**TASK TO COMPLETE**
Where does the word "removed" show up in the data? Please find each such line and copy it.
== GIVEN RECORDS
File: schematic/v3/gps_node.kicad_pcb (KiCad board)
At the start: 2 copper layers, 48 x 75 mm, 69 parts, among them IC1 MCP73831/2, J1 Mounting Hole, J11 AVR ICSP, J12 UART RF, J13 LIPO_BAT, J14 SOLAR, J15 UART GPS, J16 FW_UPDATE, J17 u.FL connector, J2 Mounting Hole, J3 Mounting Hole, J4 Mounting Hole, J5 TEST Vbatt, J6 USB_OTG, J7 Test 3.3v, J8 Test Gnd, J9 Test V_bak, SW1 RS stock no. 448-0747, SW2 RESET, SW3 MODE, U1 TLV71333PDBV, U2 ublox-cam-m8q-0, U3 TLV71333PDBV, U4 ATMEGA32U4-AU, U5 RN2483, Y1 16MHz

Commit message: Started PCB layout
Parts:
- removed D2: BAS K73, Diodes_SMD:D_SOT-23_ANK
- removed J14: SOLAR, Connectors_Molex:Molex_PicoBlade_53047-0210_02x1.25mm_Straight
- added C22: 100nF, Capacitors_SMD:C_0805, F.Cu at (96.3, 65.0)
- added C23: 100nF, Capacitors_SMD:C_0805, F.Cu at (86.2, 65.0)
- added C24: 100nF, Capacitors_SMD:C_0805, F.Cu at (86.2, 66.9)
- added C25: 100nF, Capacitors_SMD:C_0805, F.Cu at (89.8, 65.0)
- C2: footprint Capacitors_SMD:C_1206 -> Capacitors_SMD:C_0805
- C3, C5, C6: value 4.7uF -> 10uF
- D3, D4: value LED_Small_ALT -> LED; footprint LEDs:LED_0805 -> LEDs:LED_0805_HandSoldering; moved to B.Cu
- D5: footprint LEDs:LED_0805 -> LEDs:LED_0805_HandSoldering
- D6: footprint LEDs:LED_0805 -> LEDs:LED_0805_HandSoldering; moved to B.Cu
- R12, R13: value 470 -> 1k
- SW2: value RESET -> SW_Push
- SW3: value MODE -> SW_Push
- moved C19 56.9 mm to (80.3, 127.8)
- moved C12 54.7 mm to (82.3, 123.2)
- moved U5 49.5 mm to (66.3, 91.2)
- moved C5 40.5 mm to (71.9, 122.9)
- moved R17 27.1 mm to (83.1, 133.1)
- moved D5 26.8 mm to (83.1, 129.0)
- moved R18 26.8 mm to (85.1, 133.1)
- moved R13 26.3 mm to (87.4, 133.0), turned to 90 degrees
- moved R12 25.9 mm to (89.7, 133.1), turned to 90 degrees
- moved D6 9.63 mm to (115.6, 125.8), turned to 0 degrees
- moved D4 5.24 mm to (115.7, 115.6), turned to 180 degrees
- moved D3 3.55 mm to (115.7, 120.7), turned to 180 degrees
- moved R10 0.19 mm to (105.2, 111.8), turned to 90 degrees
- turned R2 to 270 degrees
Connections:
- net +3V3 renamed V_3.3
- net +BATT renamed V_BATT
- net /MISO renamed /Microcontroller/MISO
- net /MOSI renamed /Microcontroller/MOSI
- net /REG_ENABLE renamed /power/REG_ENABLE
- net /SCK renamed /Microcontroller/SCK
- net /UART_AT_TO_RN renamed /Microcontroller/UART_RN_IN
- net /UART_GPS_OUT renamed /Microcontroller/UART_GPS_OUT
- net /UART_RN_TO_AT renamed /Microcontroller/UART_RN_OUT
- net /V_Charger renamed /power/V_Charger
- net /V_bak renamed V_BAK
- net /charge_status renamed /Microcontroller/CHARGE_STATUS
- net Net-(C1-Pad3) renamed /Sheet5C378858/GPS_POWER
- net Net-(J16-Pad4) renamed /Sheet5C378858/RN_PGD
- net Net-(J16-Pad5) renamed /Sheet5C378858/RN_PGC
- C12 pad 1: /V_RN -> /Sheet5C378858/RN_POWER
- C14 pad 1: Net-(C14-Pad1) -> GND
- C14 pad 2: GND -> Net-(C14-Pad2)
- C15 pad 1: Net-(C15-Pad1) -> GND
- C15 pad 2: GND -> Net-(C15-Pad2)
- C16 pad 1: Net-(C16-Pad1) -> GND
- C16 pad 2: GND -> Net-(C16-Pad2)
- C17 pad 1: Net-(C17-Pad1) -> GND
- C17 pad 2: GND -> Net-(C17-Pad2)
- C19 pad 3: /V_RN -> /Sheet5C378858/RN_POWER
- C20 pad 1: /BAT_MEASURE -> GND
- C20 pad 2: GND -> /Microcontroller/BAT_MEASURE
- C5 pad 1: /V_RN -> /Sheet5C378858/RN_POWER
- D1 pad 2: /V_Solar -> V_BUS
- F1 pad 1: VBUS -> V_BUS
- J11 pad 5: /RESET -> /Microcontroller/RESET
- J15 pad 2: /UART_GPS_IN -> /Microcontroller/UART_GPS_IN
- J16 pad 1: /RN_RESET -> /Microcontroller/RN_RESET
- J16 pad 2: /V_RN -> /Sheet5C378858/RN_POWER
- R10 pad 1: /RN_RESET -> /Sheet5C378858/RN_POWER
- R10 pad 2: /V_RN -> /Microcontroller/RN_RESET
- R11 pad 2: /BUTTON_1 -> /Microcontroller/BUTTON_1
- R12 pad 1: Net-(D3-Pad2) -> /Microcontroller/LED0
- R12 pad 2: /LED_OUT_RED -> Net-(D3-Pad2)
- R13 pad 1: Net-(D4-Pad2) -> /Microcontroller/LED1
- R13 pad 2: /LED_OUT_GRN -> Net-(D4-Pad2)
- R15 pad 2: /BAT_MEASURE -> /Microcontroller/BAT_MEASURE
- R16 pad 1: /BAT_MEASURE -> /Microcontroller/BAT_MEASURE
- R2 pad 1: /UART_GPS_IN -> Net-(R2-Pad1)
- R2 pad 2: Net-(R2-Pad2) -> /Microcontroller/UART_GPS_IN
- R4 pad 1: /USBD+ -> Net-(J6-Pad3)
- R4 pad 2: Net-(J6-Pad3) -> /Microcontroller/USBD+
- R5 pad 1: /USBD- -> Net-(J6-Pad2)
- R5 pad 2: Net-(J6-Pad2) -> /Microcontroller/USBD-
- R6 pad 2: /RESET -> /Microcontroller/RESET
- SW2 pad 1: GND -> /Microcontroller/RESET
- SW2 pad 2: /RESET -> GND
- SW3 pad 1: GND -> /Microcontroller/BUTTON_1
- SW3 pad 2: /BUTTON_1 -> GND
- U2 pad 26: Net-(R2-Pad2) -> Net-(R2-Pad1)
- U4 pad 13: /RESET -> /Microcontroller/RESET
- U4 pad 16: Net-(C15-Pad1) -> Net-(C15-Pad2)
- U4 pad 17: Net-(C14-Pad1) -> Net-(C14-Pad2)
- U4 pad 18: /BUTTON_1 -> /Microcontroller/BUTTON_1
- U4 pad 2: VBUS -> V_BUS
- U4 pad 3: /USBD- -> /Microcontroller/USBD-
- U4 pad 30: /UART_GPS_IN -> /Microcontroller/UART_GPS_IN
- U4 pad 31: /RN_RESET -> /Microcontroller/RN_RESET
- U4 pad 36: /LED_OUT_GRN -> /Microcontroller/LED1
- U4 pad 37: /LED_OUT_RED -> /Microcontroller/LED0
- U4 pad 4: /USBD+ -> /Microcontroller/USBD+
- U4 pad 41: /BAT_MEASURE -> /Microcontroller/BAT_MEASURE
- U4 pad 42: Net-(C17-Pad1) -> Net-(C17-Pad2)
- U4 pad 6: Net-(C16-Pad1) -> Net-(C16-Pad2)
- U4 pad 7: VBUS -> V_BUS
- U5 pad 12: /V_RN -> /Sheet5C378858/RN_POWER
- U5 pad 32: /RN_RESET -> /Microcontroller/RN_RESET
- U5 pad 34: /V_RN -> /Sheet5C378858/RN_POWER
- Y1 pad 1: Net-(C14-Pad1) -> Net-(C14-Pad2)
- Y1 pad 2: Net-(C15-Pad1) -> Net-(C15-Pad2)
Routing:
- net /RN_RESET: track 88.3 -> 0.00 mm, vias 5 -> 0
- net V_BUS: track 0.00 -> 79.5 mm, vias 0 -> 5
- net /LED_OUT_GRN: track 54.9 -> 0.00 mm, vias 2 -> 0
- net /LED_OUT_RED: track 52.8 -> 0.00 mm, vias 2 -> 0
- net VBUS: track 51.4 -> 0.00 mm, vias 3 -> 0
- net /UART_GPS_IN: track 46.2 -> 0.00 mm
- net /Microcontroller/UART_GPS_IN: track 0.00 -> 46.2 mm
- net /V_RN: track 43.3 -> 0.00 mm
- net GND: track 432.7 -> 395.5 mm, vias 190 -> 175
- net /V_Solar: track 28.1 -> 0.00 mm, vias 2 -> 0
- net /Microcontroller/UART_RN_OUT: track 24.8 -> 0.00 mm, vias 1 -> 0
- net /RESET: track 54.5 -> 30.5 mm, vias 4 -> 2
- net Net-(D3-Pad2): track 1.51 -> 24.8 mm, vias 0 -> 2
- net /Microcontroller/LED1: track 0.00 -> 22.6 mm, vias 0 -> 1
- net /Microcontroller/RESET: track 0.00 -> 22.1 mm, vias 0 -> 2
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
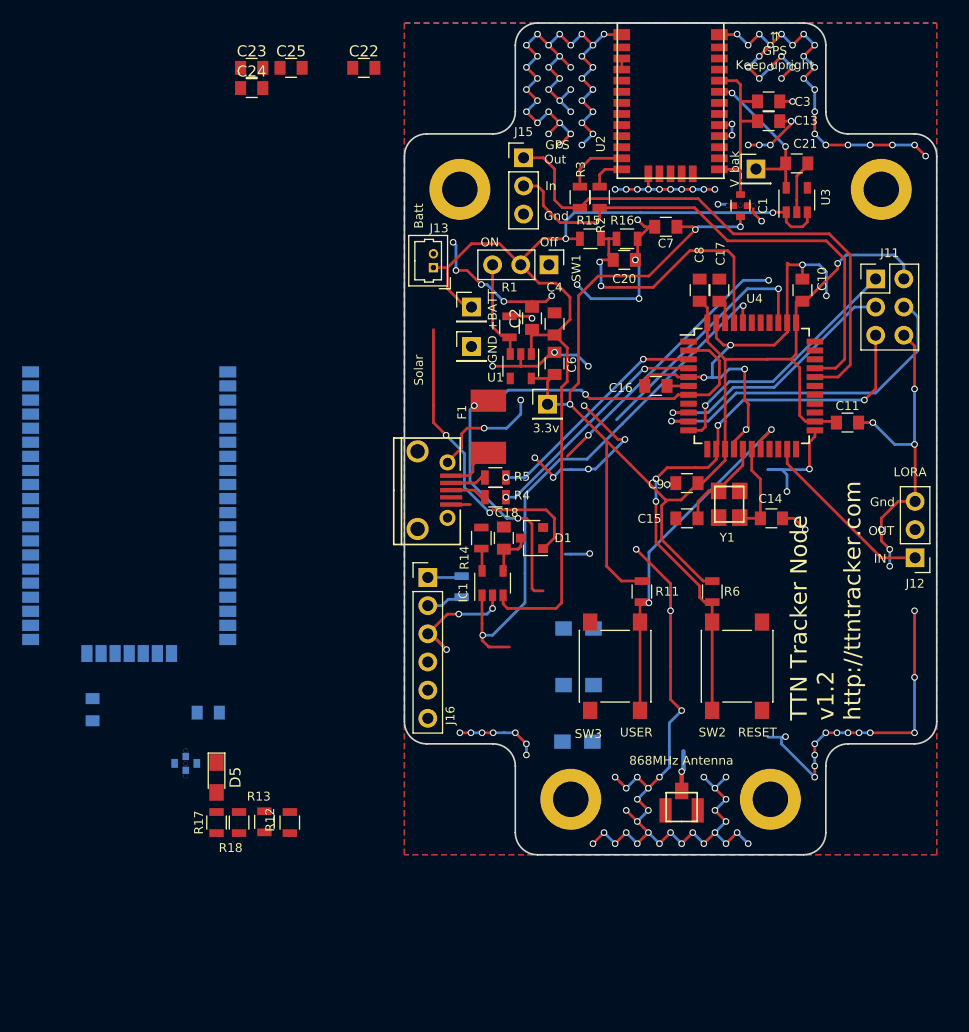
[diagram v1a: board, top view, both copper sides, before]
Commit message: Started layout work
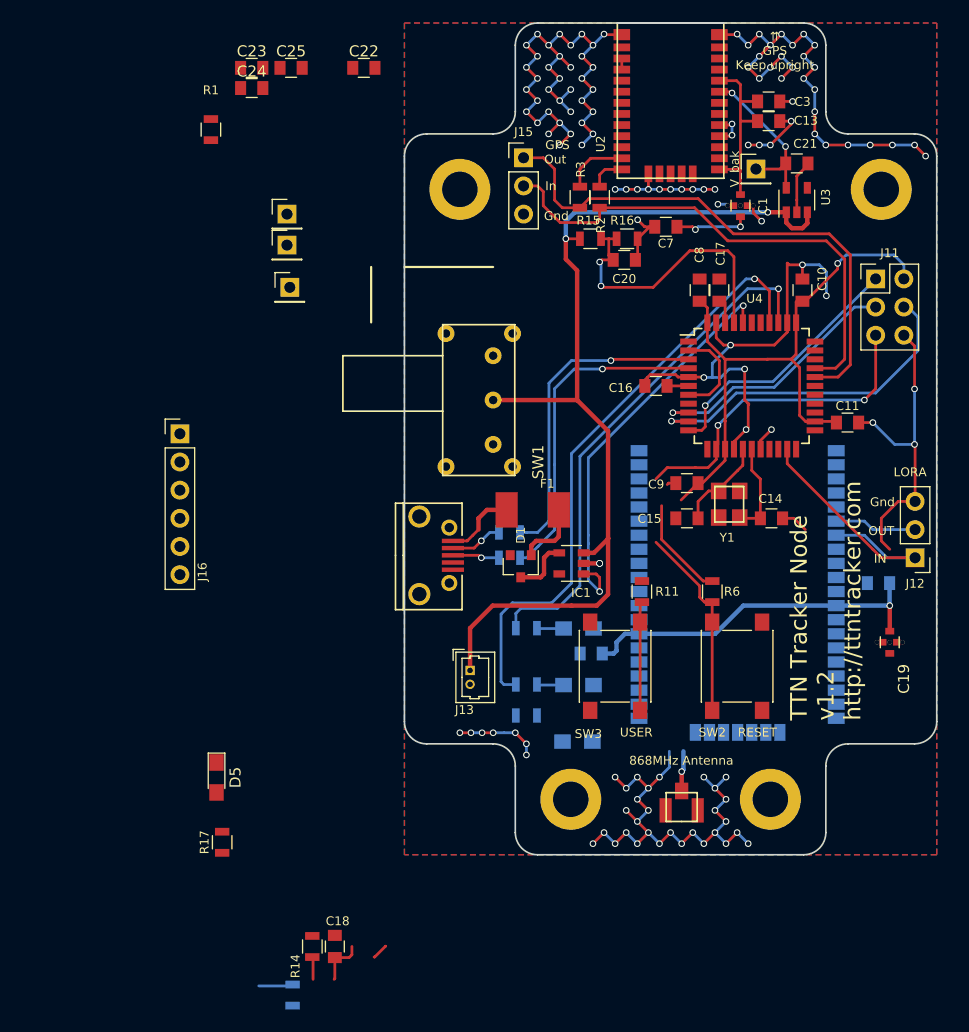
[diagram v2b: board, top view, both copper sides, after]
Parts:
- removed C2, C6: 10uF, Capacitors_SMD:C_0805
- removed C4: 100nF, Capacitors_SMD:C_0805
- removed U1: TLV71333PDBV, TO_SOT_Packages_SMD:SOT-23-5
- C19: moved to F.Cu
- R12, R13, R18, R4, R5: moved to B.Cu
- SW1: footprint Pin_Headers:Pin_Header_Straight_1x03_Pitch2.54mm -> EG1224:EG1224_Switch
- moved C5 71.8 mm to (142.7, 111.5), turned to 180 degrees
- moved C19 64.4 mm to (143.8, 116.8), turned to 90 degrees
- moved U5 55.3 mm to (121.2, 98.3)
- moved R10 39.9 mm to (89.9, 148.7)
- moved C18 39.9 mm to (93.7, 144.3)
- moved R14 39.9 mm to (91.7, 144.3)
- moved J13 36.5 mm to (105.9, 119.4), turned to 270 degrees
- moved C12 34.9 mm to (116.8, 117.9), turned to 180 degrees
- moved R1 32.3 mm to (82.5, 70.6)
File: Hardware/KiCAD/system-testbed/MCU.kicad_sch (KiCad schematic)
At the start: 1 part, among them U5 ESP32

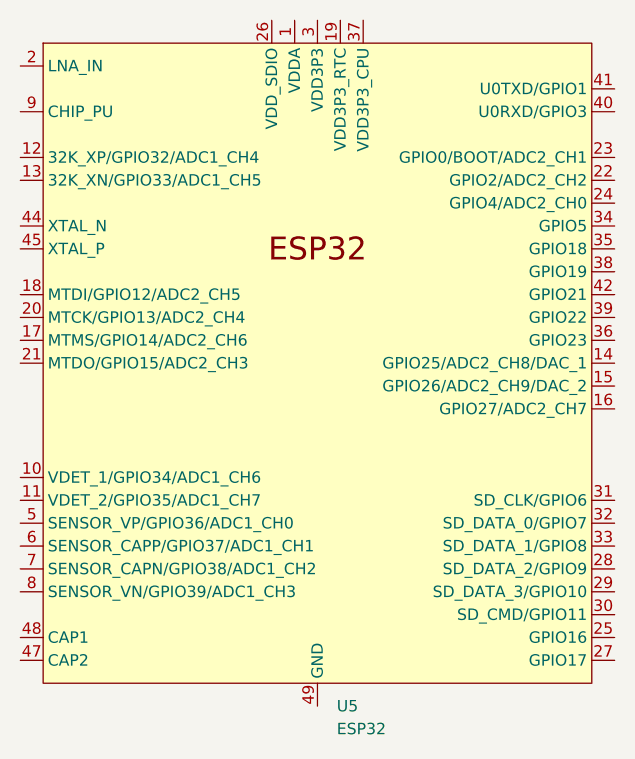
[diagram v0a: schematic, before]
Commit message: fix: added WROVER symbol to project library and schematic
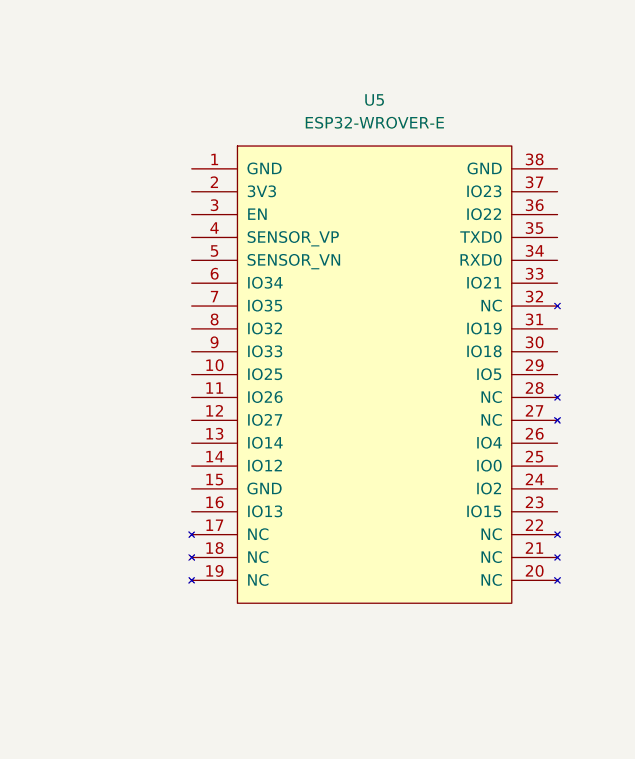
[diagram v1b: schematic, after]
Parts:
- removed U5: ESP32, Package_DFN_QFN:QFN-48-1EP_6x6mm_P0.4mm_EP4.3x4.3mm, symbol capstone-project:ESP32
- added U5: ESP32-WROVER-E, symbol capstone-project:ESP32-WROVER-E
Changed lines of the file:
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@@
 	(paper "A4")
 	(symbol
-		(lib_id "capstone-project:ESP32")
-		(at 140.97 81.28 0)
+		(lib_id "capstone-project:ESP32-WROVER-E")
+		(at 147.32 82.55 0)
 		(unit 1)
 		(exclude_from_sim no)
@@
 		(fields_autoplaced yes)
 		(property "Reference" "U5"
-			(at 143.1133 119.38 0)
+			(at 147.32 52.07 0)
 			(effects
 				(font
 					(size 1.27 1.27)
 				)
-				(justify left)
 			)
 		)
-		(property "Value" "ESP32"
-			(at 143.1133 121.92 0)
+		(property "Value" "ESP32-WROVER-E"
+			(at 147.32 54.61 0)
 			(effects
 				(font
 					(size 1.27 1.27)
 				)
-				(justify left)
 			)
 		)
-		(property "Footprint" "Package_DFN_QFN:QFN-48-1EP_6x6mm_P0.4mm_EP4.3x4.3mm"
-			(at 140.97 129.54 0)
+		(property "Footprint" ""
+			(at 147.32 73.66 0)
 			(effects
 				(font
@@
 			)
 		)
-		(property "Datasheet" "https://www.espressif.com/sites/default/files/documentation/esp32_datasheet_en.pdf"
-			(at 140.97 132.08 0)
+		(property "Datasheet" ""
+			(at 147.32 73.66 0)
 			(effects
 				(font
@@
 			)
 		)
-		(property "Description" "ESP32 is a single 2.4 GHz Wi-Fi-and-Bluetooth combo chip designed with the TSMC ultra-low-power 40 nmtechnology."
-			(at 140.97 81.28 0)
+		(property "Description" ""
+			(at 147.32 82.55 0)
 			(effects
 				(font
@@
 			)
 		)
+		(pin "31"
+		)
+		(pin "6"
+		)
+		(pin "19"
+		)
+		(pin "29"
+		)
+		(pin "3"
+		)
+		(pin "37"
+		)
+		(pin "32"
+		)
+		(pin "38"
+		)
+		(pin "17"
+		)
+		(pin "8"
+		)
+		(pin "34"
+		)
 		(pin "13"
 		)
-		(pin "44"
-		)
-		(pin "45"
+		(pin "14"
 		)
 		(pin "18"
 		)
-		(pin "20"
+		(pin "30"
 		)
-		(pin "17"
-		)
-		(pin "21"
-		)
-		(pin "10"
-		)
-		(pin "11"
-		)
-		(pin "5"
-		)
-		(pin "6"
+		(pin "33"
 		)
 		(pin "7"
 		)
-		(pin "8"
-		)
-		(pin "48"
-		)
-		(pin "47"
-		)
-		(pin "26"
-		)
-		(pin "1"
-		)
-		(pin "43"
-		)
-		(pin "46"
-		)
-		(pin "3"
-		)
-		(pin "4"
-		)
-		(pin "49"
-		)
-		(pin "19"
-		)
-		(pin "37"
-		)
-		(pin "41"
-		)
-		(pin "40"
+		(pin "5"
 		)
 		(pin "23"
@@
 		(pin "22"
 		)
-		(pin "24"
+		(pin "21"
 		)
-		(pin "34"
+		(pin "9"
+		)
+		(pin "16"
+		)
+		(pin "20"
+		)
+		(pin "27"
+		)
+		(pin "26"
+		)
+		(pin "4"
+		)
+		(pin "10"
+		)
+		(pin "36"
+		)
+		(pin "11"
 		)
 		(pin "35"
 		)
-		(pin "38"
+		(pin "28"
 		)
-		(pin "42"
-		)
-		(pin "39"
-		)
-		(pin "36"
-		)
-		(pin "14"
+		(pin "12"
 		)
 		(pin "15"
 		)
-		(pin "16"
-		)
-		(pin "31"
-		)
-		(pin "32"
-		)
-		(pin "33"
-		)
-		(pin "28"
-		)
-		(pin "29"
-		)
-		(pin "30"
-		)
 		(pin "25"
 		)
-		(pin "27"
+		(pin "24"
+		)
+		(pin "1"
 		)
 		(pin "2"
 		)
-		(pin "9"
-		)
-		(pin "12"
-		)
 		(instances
====
**RESULT FOR THIS EXERCISE**
- removed D2: BAS K73, Diodes_SMD:D_SOT-23_ANK
- removed J14: SOLAR, Connectors_Molex:Molex_PicoBlade_53047-0210_02x1.25mm_Straight
- removed C2, C6: 10uF, Capacitors_SMD:C_0805
- removed C4: 100nF, Capacitors_SMD:C_0805
- removed U1: TLV71333PDBV, TO_SOT_Packages_SMD:SOT-23-5
- removed U5: ESP32, Package_DFN_QFN:QFN-48-1EP_6x6mm_P0.4mm_EP4.3x4.3mm, symbol capstone-project:ESP32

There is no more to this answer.